- **Stored items**
==============================

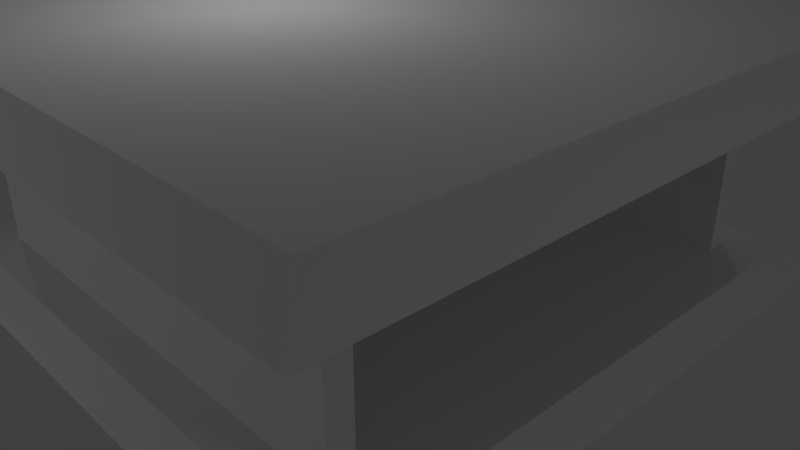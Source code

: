 # Source: Mesa-aula.blend  (saved by Blender 2.79.0; exported with 4.5.12 LTS)
import bpy
from mathutils import Matrix  # noqa: F401  (used for matrix-valued properties, if any)

bpy.ops.wm.read_factory_settings(use_empty=True)
scene = bpy.context.scene
scene.name = 'Scene'

# ---- collections
col_collection_1 = bpy.data.collections.new('Collection 1'); scene.collection.children.link(col_collection_1)

# ---- materials (node trees are filled in below, after node groups)
mat_material = bpy.data.materials.new('Material')
mat_material.alpha_threshold = 0.0
mat_material.use_transparent_shadow = False
mat_material.roughness = 0.5
mat_material.line_color = (0.0, 0.0, 0.0, 1.0)

# ---- material node trees

# ---- world
world_world = bpy.data.worlds.new('World'); scene.world = world_world
world_world.color = (0.05088, 0.05088, 0.05088)
world_world.use_sun_shadow = False
world_world.sun_shadow_jitter_overblur = 0.0
world_world.cycles.sampling_method = 'MANUAL'

# ---- cameras
cam_camera = bpy.data.cameras.new('Camera')
cam_camera.clip_end = 100.0
cam_camera.lens = 35.0
cam_camera.sensor_width = 32.0
cam_camera.sensor_height = 18.0
cam_camera.ortho_scale = 7.314
cam_camera.dof.focus_distance = 0.0
cam_camera.dof.aperture_fstop = 128.0

# ---- lights
light_lamp_004 = bpy.data.lights.new('Lamp.004', 'POINT')
light_lamp_004.transmission_factor = 0.0
light_lamp_004.cutoff_distance = 30.0
light_lamp_004.energy = 100.0
light_lamp_004.shadow_buffer_clip_start = 1.001
light_lamp_004.shadow_soft_size = 0.1
light_lamp_004.shadow_maximum_resolution = 0.006
light_lamp_004.use_absolute_resolution = True
light_lamp_003 = bpy.data.lights.new('Lamp.003', 'POINT')
light_lamp_003.transmission_factor = 0.0
light_lamp_003.cutoff_distance = 30.0
light_lamp_003.energy = 100.0
light_lamp_003.shadow_buffer_clip_start = 1.001
light_lamp_003.shadow_soft_size = 0.1
light_lamp_003.shadow_maximum_resolution = 0.006
light_lamp_003.use_absolute_resolution = True
light_lamp_002 = bpy.data.lights.new('Lamp.002', 'POINT')
light_lamp_002.transmission_factor = 0.0
light_lamp_002.cutoff_distance = 30.0
light_lamp_002.energy = 100.0
light_lamp_002.shadow_buffer_clip_start = 1.001
light_lamp_002.shadow_soft_size = 0.1
light_lamp_002.shadow_maximum_resolution = 0.006
light_lamp_002.use_absolute_resolution = True
light_lamp_001 = bpy.data.lights.new('Lamp.001', 'POINT')
light_lamp_001.transmission_factor = 0.0
light_lamp_001.cutoff_distance = 30.0
light_lamp_001.energy = 100.0
light_lamp_001.shadow_buffer_clip_start = 1.001
light_lamp_001.shadow_soft_size = 0.1
light_lamp_001.shadow_maximum_resolution = 0.006
light_lamp_001.use_absolute_resolution = True
light_lamp = bpy.data.lights.new('Lamp', 'POINT')
light_lamp.transmission_factor = 0.0
light_lamp.cutoff_distance = 30.0
light_lamp.energy = 100.0
light_lamp.shadow_buffer_clip_start = 1.001
light_lamp.shadow_soft_size = 0.1
light_lamp.shadow_maximum_resolution = 0.006
light_lamp.use_absolute_resolution = True

# ---- meshes
me_cilindro_004 = bpy.data.meshes.new('Cilindro.004')
me_cilindro_004.from_pydata([(0.0, 1.0, -1.0), (0.0, 1.0, 1.0), (0.1951, 0.9808, -1.0), (0.1951, 0.9808, 1.0), (0.3827, 0.9239, -1.0), (0.3827, 0.9239, 1.0), (0.5556, 0.8315, -1.0), (0.5556, 0.8315, 1.0), (0.7071, 0.7071, -1.0), (0.7071, 0.7071, 1.0), (0.8315, 0.5556, -1.0), (0.8315, 0.5556, 1.0), (0.9239, 0.3827, -1.0), (0.9239, 0.3827, 1.0), (0.9808, 0.1951, -1.0), (0.9808, 0.1951, 1.0), (1.0, 7.55e-08, -1.0), (1.0, 7.55e-08, 1.0), (0.9808, -0.1951, -1.0), (0.9808, -0.1951, 1.0), (0.9239, -0.3827, -1.0), (0.9239, -0.3827, 1.0), (0.8315, -0.5556, -1.0), (0.8315, -0.5556, 1.0), (0.7071, -0.7071, -1.0), (0.7071, -0.7071, 1.0), (0.5556, -0.8315, -1.0), (0.5556, -0.8315, 1.0), (0.3827, -0.9239, -1.0), (0.3827, -0.9239, 1.0), (0.1951, -0.9808, -1.0), (0.1951, -0.9808, 1.0), (-3.258e-07, -1.0, -1.0), (-3.258e-07, -1.0, 1.0), (-0.1951, -0.9808, -1.0), (-0.1951, -0.9808, 1.0), (-0.3827, -0.9239, -1.0), (-0.3827, -0.9239, 1.0), (-0.5556, -0.8315, -1.0), (-0.5556, -0.8315, 1.0), (-0.7071, -0.7071, -1.0), (-0.7071, -0.7071, 1.0), (-0.8315, -0.5556, -1.0), (-0.8315, -0.5556, 1.0), (-0.9239, -0.3827, -1.0), (-0.9239, -0.3827, 1.0), (-0.9808, -0.1951, -1.0), (-0.9808, -0.1951, 1.0), (-1.0, 9.656e-07, -1.0), (-1.0, 9.656e-07, 1.0), (-0.9808, 0.1951, -1.0), (-0.9808, 0.1951, 1.0), (-0.9239, 0.3827, -1.0), (-0.9239, 0.3827, 1.0), (-0.8315, 0.5556, -1.0), (-0.8315, 0.5556, 1.0), (-0.7071, 0.7071, -1.0), (-0.7071, 0.7071, 1.0), (-0.5556, 0.8315, -1.0), (-0.5556, 0.8315, 1.0), (-0.3827, 0.9239, -1.0), (-0.3827, 0.9239, 1.0), (-0.1951, 0.9808, -1.0), (-0.1951, 0.9808, 1.0), (-11.42, 1.0, -1.0), (-11.42, 1.0, 1.0), (-11.22, 0.9808, -1.0), (-11.22, 0.9808, 1.0), (-11.04, 0.9239, -1.0), (-11.04, 0.9239, 1.0), (-10.86, 0.8315, -1.0), (-10.86, 0.8315, 1.0), (-10.71, 0.7071, -1.0), (-10.71, 0.7071, 1.0), (-10.59, 0.5556, -1.0), (-10.59, 0.5556, 1.0), (-10.49, 0.3827, -1.0), (-10.49, 0.3827, 1.0), (-10.44, 0.1951, -1.0), (-10.44, 0.1951, 1.0), (-10.42, 7.55e-08, -1.0), (-10.42, 7.55e-08, 1.0), (-10.44, -0.1951, -1.0), (-10.44, -0.1951, 1.0), (-10.49, -0.3827, -1.0), (-10.49, -0.3827, 1.0), (-10.59, -0.5556, -1.0), (-10.59, -0.5556, 1.0), (-10.71, -0.7071, -1.0), (-10.71, -0.7071, 1.0), (-10.86, -0.8315, -1.0), (-10.86, -0.8315, 1.0), (-11.04, -0.9239, -1.0), (-11.04, -0.9239, 1.0), (-11.22, -0.9808, -1.0), (-11.22, -0.9808, 1.0), (-11.42, -1.0, -1.0), (-11.42, -1.0, 1.0), (-11.61, -0.9808, -1.0), (-11.61, -0.9808, 1.0), (-11.8, -0.9239, -1.0), (-11.8, -0.9239, 1.0), (-11.97, -0.8315, -1.0), (-11.97, -0.8315, 1.0), (-12.13, -0.7071, -1.0), (-12.13, -0.7071, 1.0), (-12.25, -0.5556, -1.0), (-12.25, -0.5556, 1.0), (-12.34, -0.3827, -1.0), (-12.34, -0.3827, 1.0), (-12.4, -0.1951, -1.0), (-12.4, -0.1951, 1.0), (-12.42, 9.656e-07, -1.0), (-12.42, 9.656e-07, 1.0), (-12.4, 0.1951, -1.0), (-12.4, 0.1951, 1.0), (-12.34, 0.3827, -1.0), (-12.34, 0.3827, 1.0), (-12.25, 0.5556, -1.0), (-12.25, 0.5556, 1.0), (-12.13, 0.7071, -1.0), (-12.13, 0.7071, 1.0), (-11.97, 0.8315, -1.0), (-11.97, 0.8315, 1.0), (-11.8, 0.9239, -1.0), (-11.8, 0.9239, 1.0), (-11.61, 0.9808, -1.0), (-11.61, 0.9808, 1.0), (-11.42, -11.2, -1.0), (-11.42, -11.2, 1.0), (-11.22, -11.22, -1.0), (-11.22, -11.22, 1.0), (-11.04, -11.27, -1.0), (-11.04, -11.27, 1.0), (-10.86, -11.36, -1.0), (-10.86, -11.36, 1.0), (-10.71, -11.49, -1.0), (-10.71, -11.49, 1.0), (-10.59, -11.64, -1.0), (-10.59, -11.64, 1.0), (-10.49, -11.81, -1.0), (-10.49, -11.81, 1.0), (-10.44, -12.0, -1.0), (-10.44, -12.0, 1.0), (-10.42, -12.2, -1.0), (-10.42, -12.2, 1.0), (-10.44, -12.39, -1.0), (-10.44, -12.39, 1.0), (-10.49, -12.58, -1.0), (-10.49, -12.58, 1.0), (-10.59, -12.75, -1.0), (-10.59, -12.75, 1.0), (-10.71, -12.9, -1.0), (-10.71, -12.9, 1.0), (-10.86, -13.03, -1.0), (-10.86, -13.03, 1.0), (-11.04, -13.12, -1.0), (-11.04, -13.12, 1.0), (-11.22, -13.18, -1.0), (-11.22, -13.18, 1.0), (-11.42, -13.2, -1.0), (-11.42, -13.2, 1.0), (-11.61, -13.18, -1.0), (-11.61, -13.18, 1.0), (-11.8, -13.12, -1.0), (-11.8, -13.12, 1.0), (-11.97, -13.03, -1.0), (-11.97, -13.03, 1.0), (-12.13, -12.9, -1.0), (-12.13, -12.9, 1.0), (-12.25, -12.75, -1.0), (-12.25, -12.75, 1.0), (-12.34, -12.58, -1.0), (-12.34, -12.58, 1.0), (-12.4, -12.39, -1.0), (-12.4, -12.39, 1.0), (-12.42, -12.2, -1.0), (-12.42, -12.2, 1.0), (-12.4, -12.0, -1.0), (-12.4, -12.0, 1.0), (-12.34, -11.81, -1.0), (-12.34, -11.81, 1.0), (-12.25, -11.64, -1.0), (-12.25, -11.64, 1.0), (-12.13, -11.49, -1.0), (-12.13, -11.49, 1.0), (-11.97, -11.36, -1.0), (-11.97, -11.36, 1.0), (-11.8, -11.27, -1.0), (-11.8, -11.27, 1.0), (-11.61, -11.22, -1.0), (-11.61, -11.22, 1.0), (-1.371e-06, -11.2, -1.0), (-1.371e-06, -11.2, 1.0), (0.1951, -11.22, -1.0), (0.1951, -11.22, 1.0), (0.3827, -11.27, -1.0), (0.3827, -11.27, 1.0), (0.5556, -11.36, -1.0), (0.5556, -11.36, 1.0), (0.7071, -11.49, -1.0), (0.7071, -11.49, 1.0), (0.8315, -11.64, -1.0), (0.8315, -11.64, 1.0), (0.9239, -11.81, -1.0), (0.9239, -11.81, 1.0), (0.9808, -12.0, -1.0), (0.9808, -12.0, 1.0), (1.0, -12.2, -1.0), (1.0, -12.2, 1.0), (0.9808, -12.39, -1.0), (0.9808, -12.39, 1.0), (0.9239, -12.58, -1.0), (0.9239, -12.58, 1.0), (0.8315, -12.75, -1.0), (0.8315, -12.75, 1.0), (0.7071, -12.9, -1.0), (0.7071, -12.9, 1.0), (0.5556, -13.03, -1.0), (0.5556, -13.03, 1.0), (0.3827, -13.12, -1.0), (0.3827, -13.12, 1.0), (0.1951, -13.18, -1.0), (0.1951, -13.18, 1.0), (-1.816e-06, -13.2, -1.0), (-1.816e-06, -13.2, 1.0), (-0.1951, -13.18, -1.0), (-0.1951, -13.18, 1.0), (-0.3827, -13.12, -1.0), (-0.3827, -13.12, 1.0), (-0.5556, -13.03, -1.0), (-0.5556, -13.03, 1.0), (-0.7071, -12.9, -1.0), (-0.7071, -12.9, 1.0), (-0.8315, -12.75, -1.0), (-0.8315, -12.75, 1.0), (-0.9239, -12.58, -1.0), (-0.9239, -12.58, 1.0), (-0.9808, -12.39, -1.0), (-0.9808, -12.39, 1.0), (-1.0, -12.2, -1.0), (-1.0, -12.2, 1.0), (-0.9808, -12.0, -1.0), (-0.9808, -12.0, 1.0), (-0.9239, -11.81, -1.0), (-0.9239, -11.81, 1.0), (-0.8315, -11.64, -1.0), (-0.8315, -11.64, 1.0), (-0.7071, -11.49, -1.0), (-0.7071, -11.49, 1.0), (-0.5556, -11.36, -1.0), (-0.5556, -11.36, 1.0), (-0.3827, -11.27, -1.0), (-0.3827, -11.27, 1.0), (-0.1951, -11.22, -1.0), (-0.1951, -11.22, 1.0)], [], [(0, 1, 3, 2), (2, 3, 5, 4), (4, 5, 7, 6), (6, 7, 9, 8), (8, 9, 11, 10), (10, 11, 13, 12), (12, 13, 15, 14), (14, 15, 17, 16), (16, 17, 19, 18), (18, 19, 21, 20), (20, 21, 23, 22), (22, 23, 25, 24), (24, 25, 27, 26), (26, 27, 29, 28), (28, 29, 31, 30), (30, 31, 33, 32), (32, 33, 35, 34), (34, 35, 37, 36), (36, 37, 39, 38), (38, 39, 41, 40), (40, 41, 43, 42), (42, 43, 45, 44), (44, 45, 47, 46), (46, 47, 49, 48), (48, 49, 51, 50), (50, 51, 53, 52), (52, 53, 55, 54), (54, 55, 57, 56), (56, 57, 59, 58), (58, 59, 61, 60), (60, 61, 63, 62), (62, 63, 1, 0), (0, 2, 4, 6, 8, 10, 12, 14, 16, 18, 20, 22, 24, 26, 28, 30, 32, 34, 36, 38, 40, 42, 44, 46, 48, 50, 52, 54, 56, 58, 60, 62), (64, 65, 67, 66), (66, 67, 69, 68), (68, 69, 71, 70), (70, 71, 73, 72), (72, 73, 75, 74), (74, 75, 77, 76), (76, 77, 79, 78), (78, 79, 81, 80), (80, 81, 83, 82), (82, 83, 85, 84), (84, 85, 87, 86), (86, 87, 89, 88), (88, 89, 91, 90), (90, 91, 93, 92), (92, 93, 95, 94), (94, 95, 97, 96), (96, 97, 99, 98), (98, 99, 101, 100), (100, 101, 103, 102), (102, 103, 105, 104), (104, 105, 107, 106), (106, 107, 109, 108), (108, 109, 111, 110), (110, 111, 113, 112), (112, 113, 115, 114), (114, 115, 117, 116), (116, 117, 119, 118), (118, 119, 121, 120), (120, 121, 123, 122), (122, 123, 125, 124), (124, 125, 127, 126), (126, 127, 65, 64), (64, 66, 68, 70, 72, 74, 76, 78, 80, 82, 84, 86, 88, 90, 92, 94, 96, 98, 100, 102, 104, 106, 108, 110, 112, 114, 116, 118, 120, 122, 124, 126), (128, 129, 131, 130), (130, 131, 133, 132), (132, 133, 135, 134), (134, 135, 137, 136), (136, 137, 139, 138), (138, 139, 141, 140), (140, 141, 143, 142), (142, 143, 145, 144), (144, 145, 147, 146), (146, 147, 149, 148), (148, 149, 151, 150), (150, 151, 153, 152), (152, 153, 155, 154), (154, 155, 157, 156), (156, 157, 159, 158), (158, 159, 161, 160), (160, 161, 163, 162), (162, 163, 165, 164), (164, 165, 167, 166), (166, 167, 169, 168), (168, 169, 171, 170), (170, 171, 173, 172), (172, 173, 175, 174), (174, 175, 177, 176), (176, 177, 179, 178), (178, 179, 181, 180), (180, 181, 183, 182), (182, 183, 185, 184), (184, 185, 187, 186), (186, 187, 189, 188), (188, 189, 191, 190), (190, 191, 129, 128), (128, 130, 132, 134, 136, 138, 140, 142, 144, 146, 148, 150, 152, 154, 156, 158, 160, 162, 164, 166, 168, 170, 172, 174, 176, 178, 180, 182, 184, 186, 188, 190), (192, 193, 195, 194), (194, 195, 197, 196), (196, 197, 199, 198), (198, 199, 201, 200), (200, 201, 203, 202), (202, 203, 205, 204), (204, 205, 207, 206), (206, 207, 209, 208), (208, 209, 211, 210), (210, 211, 213, 212), (212, 213, 215, 214), (214, 215, 217, 216), (216, 217, 219, 218), (218, 219, 221, 220), (220, 221, 223, 222), (222, 223, 225, 224), (224, 225, 227, 226), (226, 227, 229, 228), (228, 229, 231, 230), (230, 231, 233, 232), (232, 233, 235, 234), (234, 235, 237, 236), (236, 237, 239, 238), (238, 239, 241, 240), (240, 241, 243, 242), (242, 243, 245, 244), (244, 245, 247, 246), (246, 247, 249, 248), (248, 249, 251, 250), (250, 251, 253, 252), (252, 253, 255, 254), (254, 255, 193, 192), (192, 194, 196, 198, 200, 202, 204, 206, 208, 210, 212, 214, 216, 218, 220, 222, 224, 226, 228, 230, 232, 234, 236, 238, 240, 242, 244, 246, 248, 250, 252, 254)])
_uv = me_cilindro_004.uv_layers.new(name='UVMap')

==============================

- **Your objective**
Wherever the line holding "light_lamp_001.cutoff_distance = 30.0" falls in the entries above, copy exactly from it through the line holding "me_cilindro_004 = bpy.data.meshes.new('Cilindro.004')", inclusive, and add nothing.

- **Written answer**
light_lamp_001.cutoff_distance = 30.0
light_lamp_001.energy = 100.0
light_lamp_001.shadow_buffer_clip_start = 1.001
light_lamp_001.shadow_soft_size = 0.1
light_lamp_001.shadow_maximum_resolution = 0.006
light_lamp_001.use_absolute_resolution = True
light_lamp = bpy.data.lights.new('Lamp', 'POINT')
light_lamp.transmission_factor = 0.0
light_lamp.cutoff_distance = 30.0
light_lamp.energy = 100.0
light_lamp.shadow_buffer_clip_start = 1.001
light_lamp.shadow_soft_size = 0.1
light_lamp.shadow_maximum_resolution = 0.006
light_lamp.use_absolute_resolution = True

# ---- meshes
me_cilindro_004 = bpy.data.meshes.new('Cilindro.004')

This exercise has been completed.